General Ratko Mladic, the former Serbian military commander accused of genocide in the bloodiest war fought in Europe since World War II, was arrested Thursday after more than 15 years in hiding, Serbia's president announced.
General Mladic was the highest-ranking war crimes suspect still at large from the Yugoslav wars of the 1990s.
He was detained in Serbia following an investigation that took about three years, Serbian President Boris Tadic said in a dramatic and hastily announced news conference in Belgrade.
He refused to give more details about the operation.
Genral Mladic, 69, is wanted on charges of genocide, extermination and murder, among others, by the International Criminal Tribunal for the former Yugoslavia.
The tribunal accuses him of "direct involvement in the genocide committed after the fall of Srebrenica in July 1995," and the killing of "close to 8,000 men and boys following the fall of this enclave."
The tribunal called the five-day massacre of the Muslim men and boys "the triumph of evil."
The systematic slaughter is thought to be the largest individual mass killing in Europe since the Holocaust.
"Ethnic cleansing,"
General Mladic is charged with "ethnic cleansing," widespread killing, forcible deportations, torture, forced labor, and physical, psychological and sexual violence against Bosnian Muslims in Srebrenica and many other parts of Bosnia between 1992 and 1995.
But he remains a hero to some of his former soldiers, said David Owen, a former European Union envoy to Yugoslavia, suggesting that his supporters had sheltered him in Serbia.
Serbia, once a part of multi-ethnic Yugoslavia, continues to probe "who aided and abetted Mladic... and those people will face justice," President Tadic said.
"All war criminals must face justice," he added.
The president said the arrest will help the process of reconciliation throughout the Balkans.
It should also pave the way for Serbia's entry to the European Union.
"This is an incredibly important day for Serbia," said James Ker-Lindsay, a senior research fellow at the London School of Economics and Political Science.
"Ratko Mladic was the person to get hold of.

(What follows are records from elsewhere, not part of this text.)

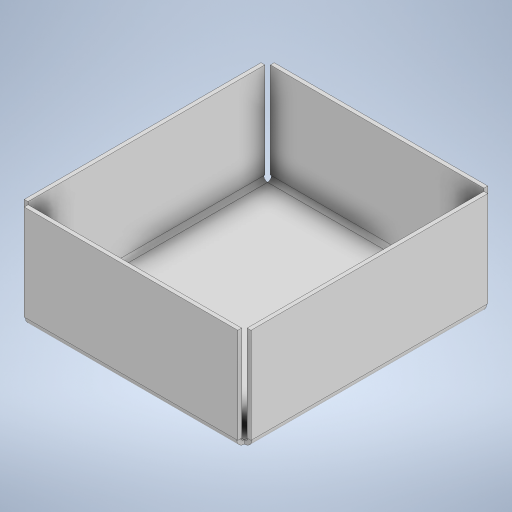
# Autodesk Inventor part: Part37
Saved by Autodesk Inventor 2024.3 (Build 283343000, 343)
## iProperties
Created: 2025-06-19
Part Number: Part37
Material: Generic
Document SubType Name: Sheet Metal
Designer: ajclo
Density: 1 g/cm^3
Sheet Metal Rule: Default_mm
Appearance: Default
Flat Pattern Width: 16.2786 cm
Flat Pattern Length: 17.1786 cm
Flat Pattern Area: 279.643 cm^2
Sheet Metal Width: 162,786 mm
Sheet Metal Length: 171,786 mm
Sheet Metal Area: 27964,302 mm^2
Author: ajclo
Autodesk Inventor part; units mm, degrees
note: some values were not read from the file. Chosen so that the rebuilt part matches the saved one: corner form of "Plate2".
ref_plane "YZ Plane" through (0, 0, 0) normal (1, 0, 0) x (0, 1, 0)
ref_plane "XZ Plane" through (0, 0, 0) normal (0, 1, 0) x (-1, 0, 0)
ref_plane "XY Plane" through (0, 0, 0) normal (0, 0, 1) x (1, 0, 0)
sketch "Sketch1" plane through (0, 0, 0) normal (0, 1, 0) x (-1, 0, 0)
  line L0 (0, 0) -> (88, 0)
  line L1 (88, 0) -> (88, -97)
  line L2 (88, -97) -> (0, -97)
  line L3 (0, -97) -> (0, 0)
  dimension "d0" = 97
  dimension "d1" = 88
  measures "d0" distance of L0.end L1.end
  measures "d1" distance of L1.end L2.end
extrude "Plate1" add sketch "Sketch1" along normal blind 1.5
sketch "Sketch2" plane through (-86.5, 0, 0) normal (-1, 0, 0) x (0, -1, 0)
  line L0 (0, -97) -> (0, 0)
  line L1 (0, 0) -> (-40, 0)
  line L2 (-40, 0) -> (-40, -97)
  line L3 (-40, -97) -> (0, -97)
  constraints: 6 end point, 1 horizontal, 1 perpendicular, 1 vertical
edge flange "Flange1" height 40 angle 90 thickness 1.5 bend radius 1.5 thickness toward (-1, 0, 0) relief tear relief width 1.5 relief depth 0.75 corner gap 1.5 corner form 2 edges at (-88, 1.5, -48.5) (-44, 1.5, 0) (0, 1.5, -48.5) (-44, 1.5, -97) wall of the first edge with corners at (-86.5, 0, -97) (-86.5, 0, 0) (-86.5, 40, 0) (-86.5, 40, -97)
bend "Bend1"
corner "Corner1"
equation "\"d2\" = Thickness"
equation "\"d3\" = BendReliefWidth"
equation "\"d4\" = BendReliefDepth"
equation "\"d5\" = MinimumRemnant"
equation "\"d6\" = TransitionRadius"
equation "\"d9\" = BendRadius"
equation "\"d10\" = CornerReliefSize"
equation "\"d11\" = GapSize"
equation "\"d12\" = JacobiRadiusSize"
equation "\"BendRadius\" = Thickness"
equation "\"BendReliefWidth\" = Thickness"
equation "\"BendReliefDepth\" = 0.5 * Thickness"
equation "\"CornerReliefSize\" = 4 * Thickness"
equation "\"MinimumRemnant\" = 2 * Thickness"
equation "\"TransitionRadius\" = BendRadius"
equation "\"JacobiRadiusSize\" = BendRadius"
equation "\"GapSize\" = Thickness"
equation "\"Thickness\" = 1.5"
body "Solid1"

This totally transforms Serbian prospects for getting into the European Union," Presdint Tadic stated.
Croatian newspaper Jutarnji List was the first to report the arrest of General Mladic, saying that police were doing DNA tests on a suspect to determine if he was the notorious former commander.
General Mladic had been on the run since the war in Bosnia and Herzegovina ended in 1995.
'Village stake-out'
Gen Mladic is due to appear before a Serbian judge later on Thursday.
He was seized in the province of Vojvodina in the early hours of Thursday, Serbian Justice Minister Slobodan Homan told the BBC.
Serbian security sources report that three special units had descended on a house in the village of Lazarevo, about 50 miles north of Belgrade.
The house was owned by a relative of Gen Mladic and had been under surveillance for the past two weeks, one of the sources added.
General Mladic was reportedly using the assumed name Milorad Komodic.
He was the last remaining suspect at large from a triumvirate of Serbian leaders accused of genocide against Muslims and Croats as the three populations fought a brutal war over Yugoslav territory.
Former Yugoslav President Slobodan Milosevic was toppled in 2000 and sent to face charges in The Hague. He died in 2006 while the trial was still going on.
Bosnian Serb leader Radovan Karadzic was arrested in July 2008 and is now on trial in The Hague.
Karadzic was removed from power under the Dayton Peace accords that ended three years of brutal fighting.
He went into hiding, grew a full white beard and long hair, and was working in an alternative medicine clinic in Belgrade, right under the noses of authorities, when he was captured.
Karadzic has insisted on defending himself at The Hague.
Prosecutors accuse him of deliberately obstructing the trial with delaying tactics, and judges have threatened to impose a defense lawyer on him if he does not cooperate.
The 1992-1995 Bosnian war was the longest of the conflicts spawned by the breakup of Yugoslavia in the early 1990s.
Backed by the government of Milosevic, Bosnian Serb forces seized control of more than half the country and launched a campaign against the Muslim and Croat populations.
The United Nations declared Srebrenica to be a safe haven, and tens of thousands of Bosnian Muslims flooded in, expecting protection.
But a small contingent of Dutch United Nations soldiers, lightly armed and aware no reinforcements were coming, stood aside and allowed General Mladic's troops to overrun Srebrenica, leading to the slaughter.
NATO intervened in the conflict, bombing Bosnian Serb military positions. The United States brought the leaders of the warring factions to an agreement in Dayton, Ohio, in 1995, bringing the violence to an end.